Yoksa herkesin herşeyi bilmesi gerekmiyor bu hayatta. Bilseler de zaten bu sefer ağızları torba değil ki büzesin düşüncesi rahatsız eder bizi..
İşte bu kadar net ve basittir aslında bu hayatta yaşamak..
Öyle duygularınızı bastırarak ya da öteleyerek ve yardım almayı red ederek güçlü olmuyorsunuz.
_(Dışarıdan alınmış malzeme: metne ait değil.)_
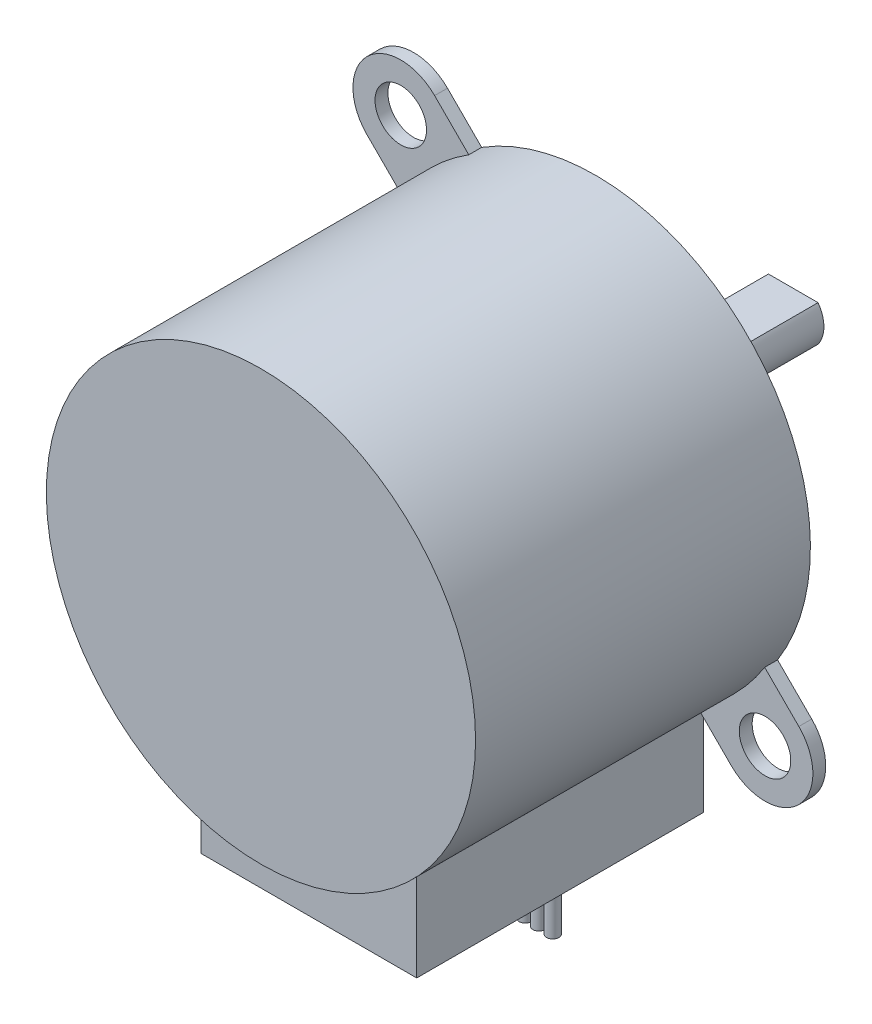
ISO-10303-21;
HEADER;
FILE_DESCRIPTION(('STEP AP214'),'2;1');
FILE_NAME('part.step','',(''),(''),'','','');
FILE_SCHEMA(('AUTOMOTIVE_DESIGN { 1 0 10303 214 1 1 1 1 }'));
ENDSEC;
DATA;
#1=APPLICATION_CONTEXT('core data for automotive mechanical design processes');
#2=APPLICATION_PROTOCOL_DEFINITION('international standard','automotive_design',2000,#1);
#3=PRODUCT_CONTEXT('',#1,'mechanical');
#4=PRODUCT('Part','Part','',(#3));
#5=PRODUCT_RELATED_PRODUCT_CATEGORY('part','',(#4));
#6=PRODUCT_DEFINITION_FORMATION('','',#4);
#7=PRODUCT_DEFINITION_CONTEXT('part definition',#1,'design');
#8=PRODUCT_DEFINITION('design','',#6,#7);
#9=PRODUCT_DEFINITION_SHAPE('','',#8);
#10=(LENGTH_UNIT() NAMED_UNIT(*) SI_UNIT(.MILLI.,.METRE.));
#11=(NAMED_UNIT(*) PLANE_ANGLE_UNIT() SI_UNIT($,.RADIAN.));
#12=(NAMED_UNIT(*) SI_UNIT($,.STERADIAN.) SOLID_ANGLE_UNIT());
#13=UNCERTAINTY_MEASURE_WITH_UNIT(LENGTH_MEASURE(1.E-05),#10,'distance_accuracy_value','');
#14=(GEOMETRIC_REPRESENTATION_CONTEXT(3) GLOBAL_UNCERTAINTY_ASSIGNED_CONTEXT((#13)) GLOBAL_UNIT_ASSIGNED_CONTEXT((#10,
#11,#12)) REPRESENTATION_CONTEXT('',''));
#15=CARTESIAN_POINT('',(0.,0.,0.));
#16=DIRECTION('',(0.,0.,1.));
#17=DIRECTION('',(1.,0.,0.));
#18=AXIS2_PLACEMENT_3D('',#15,#16,#17);
#19=CARTESIAN_POINT('',(0.,0.,27.3));
#20=DIRECTION('',(0.,0.,-1.));
#21=DIRECTION('',(-1.,0.,0.));
#22=AXIS2_PLACEMENT_3D('',#19,#20,#21);
#23=CYLINDRICAL_SURFACE('',#22,17.5);
#24=CARTESIAN_POINT('',(0.,0.,27.3));
#25=DIRECTION('',(0.,0.,1.));
#26=DIRECTION('',(1.,0.,0.));
#27=AXIS2_PLACEMENT_3D('',#24,#25,#26);
#28=CIRCLE('',#27,17.5);
#29=CARTESIAN_POINT('',(17.5,0.,27.3));
#30=VERTEX_POINT('',#29);
#31=EDGE_CURVE('E352',#30,#30,#28,.T.);
#32=ORIENTED_EDGE('',*,*,#31,.F.);
#33=EDGE_LOOP('',(#32));
#34=FACE_BOUND('',#33,.T.);
#35=DIRECTION('',(0.,0.,-1.));
#36=VECTOR('',#35,1.);
#37=CARTESIAN_POINT('',(-14.8208835266277,9.30545063337268,1.05));
#38=LINE('',#37,#36);
#39=CARTESIAN_POINT('',(-14.8208835266277,9.30545063337268,1.05));
#40=VERTEX_POINT('',#39);
#41=CARTESIAN_POINT('',(-14.8208835266277,9.30545063337268,0.));
#42=VERTEX_POINT('',#41);
#43=EDGE_CURVE('E248',#40,#42,#38,.T.);
#44=ORIENTED_EDGE('',*,*,#43,.T.);
#45=CARTESIAN_POINT('',(0.,0.,0.));
#46=DIRECTION('',(0.,0.,1.));
#47=DIRECTION('',(1.,0.,0.));
#48=AXIS2_PLACEMENT_3D('',#45,#46,#47);
#49=CIRCLE('',#48,17.5);
#50=CARTESIAN_POINT('',(-8.8,-15.1264668710178,0.));
#51=VERTEX_POINT('',#50);
#52=EDGE_CURVE('E350',#42,#51,#49,.T.);
#53=ORIENTED_EDGE('',*,*,#52,.T.);
#54=DIRECTION('',(0.,0.,-1.));
#55=VECTOR('',#54,1.);
#56=CARTESIAN_POINT('',(-8.8,-15.1264668710178,23.4));
#57=LINE('',#56,#55);
#58=CARTESIAN_POINT('',(-8.8,-15.1264668710178,23.4));
#59=VERTEX_POINT('',#58);
#60=EDGE_CURVE('E301',#59,#51,#57,.T.);
#61=ORIENTED_EDGE('',*,*,#60,.F.);
#62=CARTESIAN_POINT('',(0.,0.,23.4));
#63=DIRECTION('',(0.,0.,-1.));
#64=DIRECTION('',(-1.,0.,0.));
#65=AXIS2_PLACEMENT_3D('',#62,#63,#64);
#66=CIRCLE('',#65,17.5);
#67=CARTESIAN_POINT('',(8.8,-15.1264668710178,23.4));
#68=VERTEX_POINT('',#67);
#69=EDGE_CURVE('E291',#68,#59,#66,.T.);
#70=ORIENTED_EDGE('',*,*,#69,.F.);
#71=DIRECTION('',(0.,0.,-1.));
#72=VECTOR('',#71,1.);
#73=CARTESIAN_POINT('',(8.8,-15.1264668710178,23.4));
#74=LINE('',#73,#72);
#75=CARTESIAN_POINT('',(8.8,-15.1264668710178,0.));
#76=VERTEX_POINT('',#75);
#77=EDGE_CURVE('E314',#68,#76,#74,.T.);
#78=ORIENTED_EDGE('',*,*,#77,.T.);
#79=CARTESIAN_POINT('',(9.30545063337268,-14.8208835266277,0.));
#80=VERTEX_POINT('',#79);
#81=EDGE_CURVE('E41',#76,#80,#49,.T.);
#82=ORIENTED_EDGE('',*,*,#81,.T.);
#83=DIRECTION('',(0.,0.,-1.));
#84=VECTOR('',#83,1.);
#85=CARTESIAN_POINT('',(9.30545063337268,-14.8208835266277,1.05));
#86=LINE('',#85,#84);
#87=CARTESIAN_POINT('',(9.30545063337268,-14.8208835266277,1.05));
#88=VERTEX_POINT('',#87);
#89=EDGE_CURVE('E285',#88,#80,#86,.T.);
#90=ORIENTED_EDGE('',*,*,#89,.F.);
#91=CARTESIAN_POINT('',(0.,0.,1.05));
#92=DIRECTION('',(0.,0.,-1.));
#93=DIRECTION('',(-1.,0.,0.));
#94=AXIS2_PLACEMENT_3D('',#91,#92,#93);
#95=CIRCLE('',#94,17.5);
#96=CARTESIAN_POINT('',(14.8208835266277,-9.30545063337263,1.05));
#97=VERTEX_POINT('',#96);
#98=EDGE_CURVE('E262',#97,#88,#95,.T.);
#99=ORIENTED_EDGE('',*,*,#98,.F.);
#100=DIRECTION('',(0.,0.,-1.));
#101=VECTOR('',#100,1.);
#102=CARTESIAN_POINT('',(14.8208835266277,-9.30545063337263,1.05));
#103=LINE('',#102,#101);
#104=CARTESIAN_POINT('',(14.8208835266277,-9.30545063337263,0.));
#105=VERTEX_POINT('',#104);
#106=EDGE_CURVE('E282',#97,#105,#103,.T.);
#107=ORIENTED_EDGE('',*,*,#106,.T.);
#108=CARTESIAN_POINT('',(-9.30545063337262,14.8208835266277,0.));
#109=VERTEX_POINT('',#108);
#110=EDGE_CURVE('E356',#105,#109,#49,.T.);
#111=ORIENTED_EDGE('',*,*,#110,.T.);
#112=DIRECTION('',(0.,0.,-1.));
#113=VECTOR('',#112,1.);
#114=CARTESIAN_POINT('',(-9.30545063337263,14.8208835266277,1.05));
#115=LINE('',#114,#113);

Hiç bir şeyi zorlaştırmaya gerek yok ki..
İnsan ilişkilerinizi iyi tutun, kendinize güvenin, sorumluluklarınızı yerine getirin , duygularınıza asla ket vurmayın..
Nihayetinde hepimiz bir insanız robot değil ya..
Sevdiğimiz ve sevildiğimiz kadar varız bu hayatta..
Sağlık ve Sevgiyle Kalın..
Rastgele İnsanlık..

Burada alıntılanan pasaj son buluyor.